1. Use as much of your ISA allowances as you can
It's worth checking how much of your ISA allowance you have left to use this tax year. Money you make on your savings and/or investments in an ISA are free from UK income and capital gains tax.
The current ISA allowance is £20,000 and the current Junior ISA allowance is £9,000 per child.
2. Check your pension
The standard annual allowance is £60,000 for this tax year, covering both personal and workplace pensions.
If you want to make the most of that allowance, consider topping up your workplace pension or private pension. If you don't have a pension yet, we could help set you up with one.
3. Be aware of future tax allowances
ISA allowances don't carry over to the new tax year, but they do renew. So even if you can't put money into an ISA this tax year, there's the possibility to do so the next tax year (subject to UK legislation). However from April 2027, personal ISA allowance will be changing. Although the total ISA allowance will remain £20,000 across various ISAs, the maximum individuals under 65 could add to a cash ISA will be £12,000, so it's worth considering for the next tax year.
Pension allowances could carry over to the new tax year in some circumstances if you haven't used all your allowance in the last three tax years. It’s important to do your research before you rely on carrying over any pension allowance to this tax year.
4. Stay inside your Personal Savings Allowance if you can
A major benefit of ISAs is that interest from a cash ISA or returns from a stocks and shares ISA do not count towards your Personal Savings Allowance (PSA).
The PSA is the yearly amount you can earn without paying tax and varies by income tax band: £1,000 for Basic Rate taxpayers, £500 for Higher Rate taxpayers, and none for Additional Rate taxpayers.
Regular savings account interest over your PSA may be taxable and could require a self-assessment tax return. Opting for a cash ISA or stocks and shares ISA could help you maximise your savings without the complexities of tax.

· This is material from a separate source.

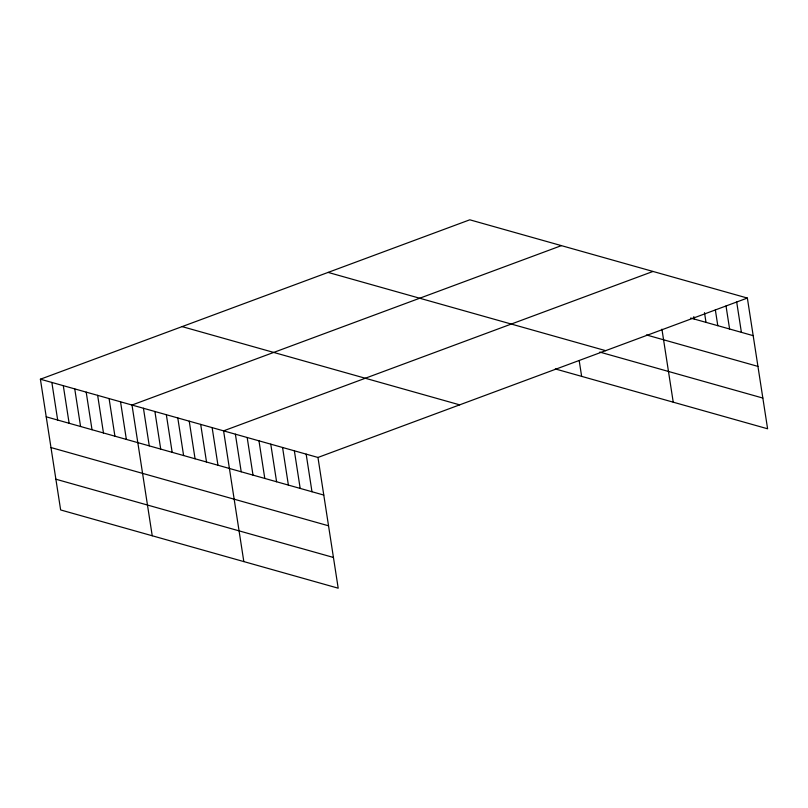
<?xml version="1.0" encoding="UTF-8"?>
<svg xmlns="http://www.w3.org/2000/svg" width="808" height="808" viewBox="0 0 808 808"><rect width="100%" height="100%" fill="white"/><g stroke="black" fill="none" stroke-linecap="round" stroke-linejoin="round"><path stroke-width="1.21" d="M40.4 379.215L317.958 457.459L338.199 588.194L60.64 509.949L40.4 379.215L469.801 219.806L747.36 298.051L767.6 428.785L555.308 368.943M561.398 245.632L131.997 405.03L152.227 535.765M652.995 271.448L223.584 430.856L243.824 561.59M317.958 457.459L747.36 298.051M690.668 318.039L753.187 335.663M646.4 334.946L757.944 366.398M328.099 272.407L605.657 350.652M599.778 352.086L762.843 398.061M182.103 326.604L459.661 404.848M46.218 416.817L323.776 495.062M50.975 447.551L328.533 525.796M55.883 479.215L333.431 557.459M736.694 302.01L741.39 332.341M726.018 305.959L729.594 329.007M715.353 309.919L717.797 325.685M704.495 312.656L706 322.362M693.83 316.605L694.203 319.039M661.924 329.149L673.236 402.182M579.255 361.004L581.639 376.366M306.161 454.126L311.979 491.739M294.364 450.803L300.182 488.416M282.568 447.481L288.385 485.083M270.771 444.158L276.589 481.76M258.974 440.825L264.792 478.437M247.177 437.502L253.005 475.114M235.381 434.179L241.208 471.781M212.14 427.624L217.958 465.236M200.687 424.392L206.515 462.004M189.234 421.17L195.061 458.772M177.79 417.938L183.608 455.55M166.337 414.716L172.165 452.318M154.894 411.484L160.711 449.096M143.44 408.262L149.268 445.864M120.543 401.808L126.361 439.411M109.09 398.576L114.918 436.189M97.647 395.344L103.464 432.957M86.193 392.122L92.021 429.725M74.75 388.89L80.568 426.503M63.297 385.669L69.124 423.271M51.853 382.436L57.671 420.049"/></g></svg>

5. Reminder of upcoming changes
Income tax thresholds are frozen until April 2031, meaning tax bands won’t be adjusted to align with inflation for at least five more years. Also called ‘fiscal drag’, any extra income you make will likely be subject to your regular income tax rate or may even fall into the next tax band.
Also, dividend tax for basic rate and higher rate taxpayers will rise by two-percentage points from 6 April 2026, up to 10.75% and 35.75%, respectively. So any dividends paid on investments outside of an ISA for example will be subject to tax.
You might want to remind yourself of some other upcoming changes, including those announced more recently during the Autumn Budget.
Important information
- Tax reliefs referred to are those applied under current UK legislation, which may change. The availability and value of any tax relief will depend on your individual circumstances.
Things to know about our products
- Eligibility criteria, fees, and charges apply.
- NatWest Pension: You must be over the age of 18 and under the age of 75. You cannot make contributions if you are a US citizen or US Green Card holder. You cannot access your pension benefits before the age of 55. When transferring any existing pensions, exit fees may apply.
You could win £100,000 when you invest with NatWest
For every £50 you invest in a NatWest Stocks and Shares ISA, you’ll get one entry into the prize draw. The more you invest, the more chances you have to win!
For a chance to win first prize of £100,000, 50 prizes of £1,000 or 1,000 of £100. Enter between 12th January and 30th April 2026.
T&Cs, fees and charges apply.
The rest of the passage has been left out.